AVAILABLE DATA:
[Start of Attachment]

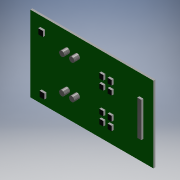
# Autodesk Inventor part: pcb
Saved by Autodesk Inventor 2019.4 (Build 234330000, 330)
## iProperties
Created: 2020-07-10
Part Number: pcb
Material: Generic
Document SubType Name: Modeling
Designer: Jorge
Density: 1 g/cm^3
Appearance: Default
Author: Jorge
Autodesk Inventor part; units mm, degrees
ref_plane "YZ Plane" through (0, 0, 0) normal (1, 0, 0) x (0, 1, 0)
ref_plane "XZ Plane" through (0, 0, 0) normal (0, 1, 0) x (-1, 0, 0)
ref_plane "XY Plane" through (0, 0, 0) normal (0, 0, 1) x (1, 0, 0)
sketch "Sketch1" plane through (0, 0, 0) normal (0, 0, 1) x (1, 0, 0)
  line L0 (151.1214, 28.1918) -> (4.845, 28.1918)
  line L1 (4.845, 28.1918) -> (4.845, -61.9764)
  line L2 (4.845, -61.9764) -> (151.1214, -61.9764)
  line L3 (151.1214, -61.9764) -> (151.1214, 28.1918)
  point P0 (0, 0)
  constraints: 8 end point, 2 parallel, 1 horizontal, 1 perpendicular
extrude "Extrusion1" add sketch "Sketch1" along normal blind 2.5
sketch "Sketch2" plane through (0, 0, 2.5) normal (0, 0, 1) x (1, 0, 0)
  line L0 (16.8135, 16.3028) -> (22.4756, 16.3028)
  line L1 (22.4756, 16.3028) -> (22.4756, 10.0115)
  line L2 (22.4756, 10.0115) -> (16.8135, 10.0115)
  line L3 (16.8135, 10.0115) -> (16.8135, 16.3028)
  line L4 (18.3863, -47.2391) -> (24.0485, -47.2391)
  line L5 (24.0485, -47.2391) -> (24.0485, -53.5303)
  line L6 (24.0485, -53.5303) -> (18.3863, -53.5303)
  line L7 (18.3863, -53.5303) -> (18.3863, -47.2391)
  line L8 (89.3205, 6.7086) -> (94.0389, 6.7086)
  line L9 (94.0389, 6.7086) -> (94.0389, 0.8892)
  line L10 (94.0389, 0.8892) -> (89.3205, 0.8892)
  line L11 (89.3205, 0.8892) -> (89.3205, 6.7086)
  line L12 (99.2282, 6.5498) -> (103.9467, 6.5498)
  line L13 (103.9467, 6.5498) -> (103.9467, 0.7304)
  line L14 (103.9467, 0.7304) -> (99.2282, 0.7304)
  line L15 (99.2282, 0.7304) -> (99.2282, 6.5498)
  line L16 (89.3205, -4.037) -> (94.0389, -4.037)
  line L17 (94.0389, -4.037) -> (94.0389, -9.4978)
  line L18 (94.0389, -9.4978) -> (89.3205, -9.4978)
  line L19 (89.3205, -9.4978) -> (89.3205, -4.037)
  line L20 (99.2282, -4.037) -> (103.9467, -4.037)
  line L21 (103.9467, -4.037) -> (103.9467, -9.5401)
  line L22 (103.9467, -9.5401) -> (99.2282, -9.5401)
  line L23 (99.2282, -9.5401) -> (99.2282, -4.037)
  line L24 (134.3826, 3.7989) -> (139.3028, 3.7989)
  line L25 (139.3028, 3.7989) -> (139.3028, -37.6548)
  line L26 (139.3028, -37.6548) -> (134.3826, -37.6548)
  line L27 (134.3826, -37.6548) -> (134.3826, 3.7989)
  line L28 (89.3205, -30.3157) -> (94.0389, -30.3157)
  line L29 (94.0389, -30.3157) -> (94.0389, -35.7312)
  line L30 (94.0389, -35.7312) -> (89.3205, -35.7312)
  line L31 (89.3205, -35.7312) -> (89.3205, -30.3157)
  line L32 (99.2282, -30.3157) -> (103.9467, -30.3157)
  line L33 (103.9467, -30.3157) -> (103.9467, -36.3609)
  line L34 (103.9467, -36.3609) -> (99.2282, -36.3609)
  line L35 (99.2282, -36.3609) -> (99.2282, -30.3157)
  line L36 (99.2282, -40.517) -> (103.9467, -40.517)
  line L37 (103.9467, -40.517) -> (103.9467, -46.1844)
  line L38 (103.9467, -46.1844) -> (99.2282, -46.1844)
  line L39 (99.2282, -46.1844) -> (99.2282, -40.517)
  line L40 (89.3205, -40.517) -> (94.0614, -40.517)
  line L41 (94.0614, -40.517) -> (94.0614, -46.1844)
  line L42 (94.0614, -46.1844) -> (89.3205, -46.1844)
  line L43 (89.3205, -46.1844) -> (89.3205, -40.517)
  point P0 (0, 0)
  constraints: 88 end point, 22 parallel, 11 horizontal, 11 perpendicular, 7 point on line
extrude "Extrusion2" add sketch "Sketch2" along normal blind 2.5
sketch "Sketch3" plane through (0, 0, 2.5) normal (0, 0, 1) x (1, 0, 0)
  circle A0 centre (48.9712, 8.1491) radius 3.1363
  circle A1 centre (60.8345, 8.1491) radius 3.1363
  circle A2 centre (48.9712, -32.3541) radius 3.1454
  circle A3 centre (60.8345, -32.3541) radius 3.1363
  point P0 (0, 0)
  constraints: 4 centre point
extrude "Extrusion3" add sketch "Sketch3" along normal blind 6.75
body "Solid1"

[End of Attachment]

TASK GOAL:
Every line of the listing must be reproduced exactly, though the pictures are to be left out.

ANSWER SECTION:
# Autodesk Inventor part: pcb
Saved by Autodesk Inventor 2019.4 (Build 234330000, 330)
## iProperties
Created: 2020-07-10
Part Number: pcb
Material: Generic
Document SubType Name: Modeling
Designer: Jorge
Density: 1 g/cm^3
Appearance: Default
Author: Jorge
Autodesk Inventor part; units mm, degrees
ref_plane "YZ Plane" through (0, 0, 0) normal (1, 0, 0) x (0, 1, 0)
ref_plane "XZ Plane" through (0, 0, 0) normal (0, 1, 0) x (-1, 0, 0)
ref_plane "XY Plane" through (0, 0, 0) normal (0, 0, 1) x (1, 0, 0)
sketch "Sketch1" plane through (0, 0, 0) normal (0, 0, 1) x (1, 0, 0)
  line L0 (151.1214, 28.1918) -> (4.845, 28.1918)
  line L1 (4.845, 28.1918) -> (4.845, -61.9764)
  line L2 (4.845, -61.9764) -> (151.1214, -61.9764)
  line L3 (151.1214, -61.9764) -> (151.1214, 28.1918)
  point P0 (0, 0)
  constraints: 8 end point, 2 parallel, 1 horizontal, 1 perpendicular
extrude "Extrusion1" add sketch "Sketch1" along normal blind 2.5
sketch "Sketch2" plane through (0, 0, 2.5) normal (0, 0, 1) x (1, 0, 0)
  line L0 (16.8135, 16.3028) -> (22.4756, 16.3028)
  line L1 (22.4756, 16.3028) -> (22.4756, 10.0115)
  line L2 (22.4756, 10.0115) -> (16.8135, 10.0115)
  line L3 (16.8135, 10.0115) -> (16.8135, 16.3028)
  line L4 (18.3863, -47.2391) -> (24.0485, -47.2391)
  line L5 (24.0485, -47.2391) -> (24.0485, -53.5303)
  line L6 (24.0485, -53.5303) -> (18.3863, -53.5303)
  line L7 (18.3863, -53.5303) -> (18.3863, -47.2391)
  line L8 (89.3205, 6.7086) -> (94.0389, 6.7086)
  line L9 (94.0389, 6.7086) -> (94.0389, 0.8892)
  line L10 (94.0389, 0.8892) -> (89.3205, 0.8892)
  line L11 (89.3205, 0.8892) -> (89.3205, 6.7086)
  line L12 (99.2282, 6.5498) -> (103.9467, 6.5498)
  line L13 (103.9467, 6.5498) -> (103.9467, 0.7304)
  line L14 (103.9467, 0.7304) -> (99.2282, 0.7304)
  line L15 (99.2282, 0.7304) -> (99.2282, 6.5498)
  line L16 (89.3205, -4.037) -> (94.0389, -4.037)
  line L17 (94.0389, -4.037) -> (94.0389, -9.4978)
  line L18 (94.0389, -9.4978) -> (89.3205, -9.4978)
  line L19 (89.3205, -9.4978) -> (89.3205, -4.037)
  line L20 (99.2282, -4.037) -> (103.9467, -4.037)
  line L21 (103.9467, -4.037) -> (103.9467, -9.5401)
  line L22 (103.9467, -9.5401) -> (99.2282, -9.5401)
  line L23 (99.2282, -9.5401) -> (99.2282, -4.037)
  line L24 (134.3826, 3.7989) -> (139.3028, 3.7989)
  line L25 (139.3028, 3.7989) -> (139.3028, -37.6548)
  line L26 (139.3028, -37.6548) -> (134.3826, -37.6548)
  line L27 (134.3826, -37.6548) -> (134.3826, 3.7989)
  line L28 (89.3205, -30.3157) -> (94.0389, -30.3157)
  line L29 (94.0389, -30.3157) -> (94.0389, -35.7312)
  line L30 (94.0389, -35.7312) -> (89.3205, -35.7312)
  line L31 (89.3205, -35.7312) -> (89.3205, -30.3157)
  line L32 (99.2282, -30.3157) -> (103.9467, -30.3157)
  line L33 (103.9467, -30.3157) -> (103.9467, -36.3609)
  line L34 (103.9467, -36.3609) -> (99.2282, -36.3609)
  line L35 (99.2282, -36.3609) -> (99.2282, -30.3157)
  line L36 (99.2282, -40.517) -> (103.9467, -40.517)
  line L37 (103.9467, -40.517) -> (103.9467, -46.1844)
  line L38 (103.9467, -46.1844) -> (99.2282, -46.1844)
  line L39 (99.2282, -46.1844) -> (99.2282, -40.517)
  line L40 (89.3205, -40.517) -> (94.0614, -40.517)
  line L41 (94.0614, -40.517) -> (94.0614, -46.1844)
  line L42 (94.0614, -46.1844) -> (89.3205, -46.1844)
  line L43 (89.3205, -46.1844) -> (89.3205, -40.517)
  point P0 (0, 0)
  constraints: 88 end point, 22 parallel, 11 horizontal, 11 perpendicular, 7 point on line
extrude "Extrusion2" add sketch "Sketch2" along normal blind 2.5
sketch "Sketch3" plane through (0, 0, 2.5) normal (0, 0, 1) x (1, 0, 0)
  circle A0 centre (48.9712, 8.1491) radius 3.1363
  circle A1 centre (60.8345, 8.1491) radius 3.1363
  circle A2 centre (48.9712, -32.3541) radius 3.1454
  circle A3 centre (60.8345, -32.3541) radius 3.1363
  point P0 (0, 0)
  constraints: 4 centre point
extrude "Extrusion3" add sketch "Sketch3" along normal blind 6.75
body "Solid1"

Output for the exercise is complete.